Si la prison permet de punir un individu pour mauvaise conduite, elle doit également lui permettre d’en ressortir « propre ». Une fois sa peine purgée il a payé sa dette à la société. Il peut donc prétendre retrouver sa liberté et regagner une place dans celle-ci. C’est l’objectif ultime de tout à chacun.
Malheureusement, même si l’emprisonnement physique est temporaire, un sentiment d’exclusion persiste longtemps après la libération. Il y a un tel décalage entre la vie carcérale et la vie extérieure que la réintégration est d’autant plus difficile. Il y a une perte de repères, tant dans la vie professionnelle, que dans la vie sociale et aussi dans la vie familiale. En effet, le développement des prisons est souvent réfléchi de sorte que les délinquants soient mis à l’écart et ne puissent plus nuire. Mais on ne pense pas la prison comme un lieu de réapprentissage à la vie en société. C’est probablement une des causes des nombreuses récidives, quelques mois ou années plus tard.
À travers mon Travail de Fin d’Études (TFE), en lien avec ma formation d’architecte, je veux mettre en évidence, d’un point de vue urbanistique et architectural, les caractéristiques qui vont dans le sens et celles qui vont à l’encontre de la réinsertion des détenus dans la société.

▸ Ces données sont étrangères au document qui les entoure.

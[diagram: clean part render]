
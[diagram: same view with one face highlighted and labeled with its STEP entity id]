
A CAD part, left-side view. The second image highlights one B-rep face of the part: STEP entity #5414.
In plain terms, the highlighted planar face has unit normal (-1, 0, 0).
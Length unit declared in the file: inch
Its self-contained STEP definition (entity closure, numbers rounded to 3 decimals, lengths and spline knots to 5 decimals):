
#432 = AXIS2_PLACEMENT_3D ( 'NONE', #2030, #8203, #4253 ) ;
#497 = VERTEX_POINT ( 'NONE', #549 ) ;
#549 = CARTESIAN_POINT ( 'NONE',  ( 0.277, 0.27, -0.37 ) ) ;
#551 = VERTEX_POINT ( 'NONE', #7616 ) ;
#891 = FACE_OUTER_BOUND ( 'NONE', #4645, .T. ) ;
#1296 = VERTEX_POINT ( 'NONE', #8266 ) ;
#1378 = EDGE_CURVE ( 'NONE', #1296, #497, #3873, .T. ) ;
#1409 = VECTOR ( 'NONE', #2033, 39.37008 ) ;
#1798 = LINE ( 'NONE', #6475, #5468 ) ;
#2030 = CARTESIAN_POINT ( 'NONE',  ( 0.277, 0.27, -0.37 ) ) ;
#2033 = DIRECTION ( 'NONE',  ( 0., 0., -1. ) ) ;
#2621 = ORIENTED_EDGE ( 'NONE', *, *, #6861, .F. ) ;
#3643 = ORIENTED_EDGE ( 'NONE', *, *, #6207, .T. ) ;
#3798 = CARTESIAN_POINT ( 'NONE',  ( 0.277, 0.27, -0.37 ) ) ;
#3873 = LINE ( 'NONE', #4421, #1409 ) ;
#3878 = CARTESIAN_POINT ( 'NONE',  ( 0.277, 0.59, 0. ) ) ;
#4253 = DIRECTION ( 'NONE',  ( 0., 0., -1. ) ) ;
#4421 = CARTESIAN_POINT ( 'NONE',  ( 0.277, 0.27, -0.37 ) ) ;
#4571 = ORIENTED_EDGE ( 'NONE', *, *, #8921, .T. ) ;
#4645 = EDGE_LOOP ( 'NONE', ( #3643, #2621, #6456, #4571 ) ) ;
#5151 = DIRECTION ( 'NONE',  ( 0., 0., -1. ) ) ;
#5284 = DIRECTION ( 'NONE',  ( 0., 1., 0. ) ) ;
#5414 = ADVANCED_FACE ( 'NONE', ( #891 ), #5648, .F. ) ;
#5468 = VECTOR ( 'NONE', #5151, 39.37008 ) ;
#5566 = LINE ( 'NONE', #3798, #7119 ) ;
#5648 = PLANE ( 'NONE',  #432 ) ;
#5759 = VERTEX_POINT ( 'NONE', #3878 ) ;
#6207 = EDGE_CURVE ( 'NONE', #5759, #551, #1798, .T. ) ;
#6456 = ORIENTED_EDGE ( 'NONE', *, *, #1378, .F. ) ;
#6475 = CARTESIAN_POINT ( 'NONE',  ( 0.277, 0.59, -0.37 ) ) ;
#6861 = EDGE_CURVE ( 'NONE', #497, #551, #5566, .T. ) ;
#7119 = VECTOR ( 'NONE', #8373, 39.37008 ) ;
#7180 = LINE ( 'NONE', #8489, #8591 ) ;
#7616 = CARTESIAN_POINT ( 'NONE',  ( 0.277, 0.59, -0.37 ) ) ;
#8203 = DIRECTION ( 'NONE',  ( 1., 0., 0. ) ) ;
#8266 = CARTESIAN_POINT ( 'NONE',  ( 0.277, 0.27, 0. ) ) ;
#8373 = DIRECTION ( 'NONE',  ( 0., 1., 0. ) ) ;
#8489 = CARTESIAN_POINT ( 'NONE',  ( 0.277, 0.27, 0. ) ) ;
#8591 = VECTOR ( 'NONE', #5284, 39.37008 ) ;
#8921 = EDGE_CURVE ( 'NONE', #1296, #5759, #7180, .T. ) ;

Pour ce faire je tente d’apporter quelques éléments de réponses à la problématique suivante : Quelles relations lient le territoire et la prison et quelles en sont les enjeux humains ? Dans un premier temps, j’expose la méthodologie suivie pour le développement de mon TFE. Ensuite, je traite quatre thèmes, de l’échelle de la ville à l’échelle architecturale de la prison. Le premier thème présente la prison et la ville dans laquelle elle s’implante. Dans le second, j’évoque les échanges avec le monde extérieur. J’aborde deux parties que sont l’accessibilité et la mobilité, puis aussi la proximité des partenaires privilégiés (tribunaux, hôpitaux, police). Le troisième thème traite des abords de la prison. Et enfin dans le quatrième, je rentre dans l’enceinte de la prison pour en approcher le parcellaire et son architecture.
Ainsi pour la rédaction du TFE je me base sur ces quatre grandes thématiques. Ma réflexion est nourrit par les observations et les données que j’ai pu consigner dans les fiches comparatives. À la fin de chaque thème, dans un paragraphe « Essentiel à retenir », je rappelle les idées principales.
L’intention de mon TFE en répondant à la problématique énoncée est de dégager le rôle de l’architecte dans l’atteinte de l’objectif social de la peine.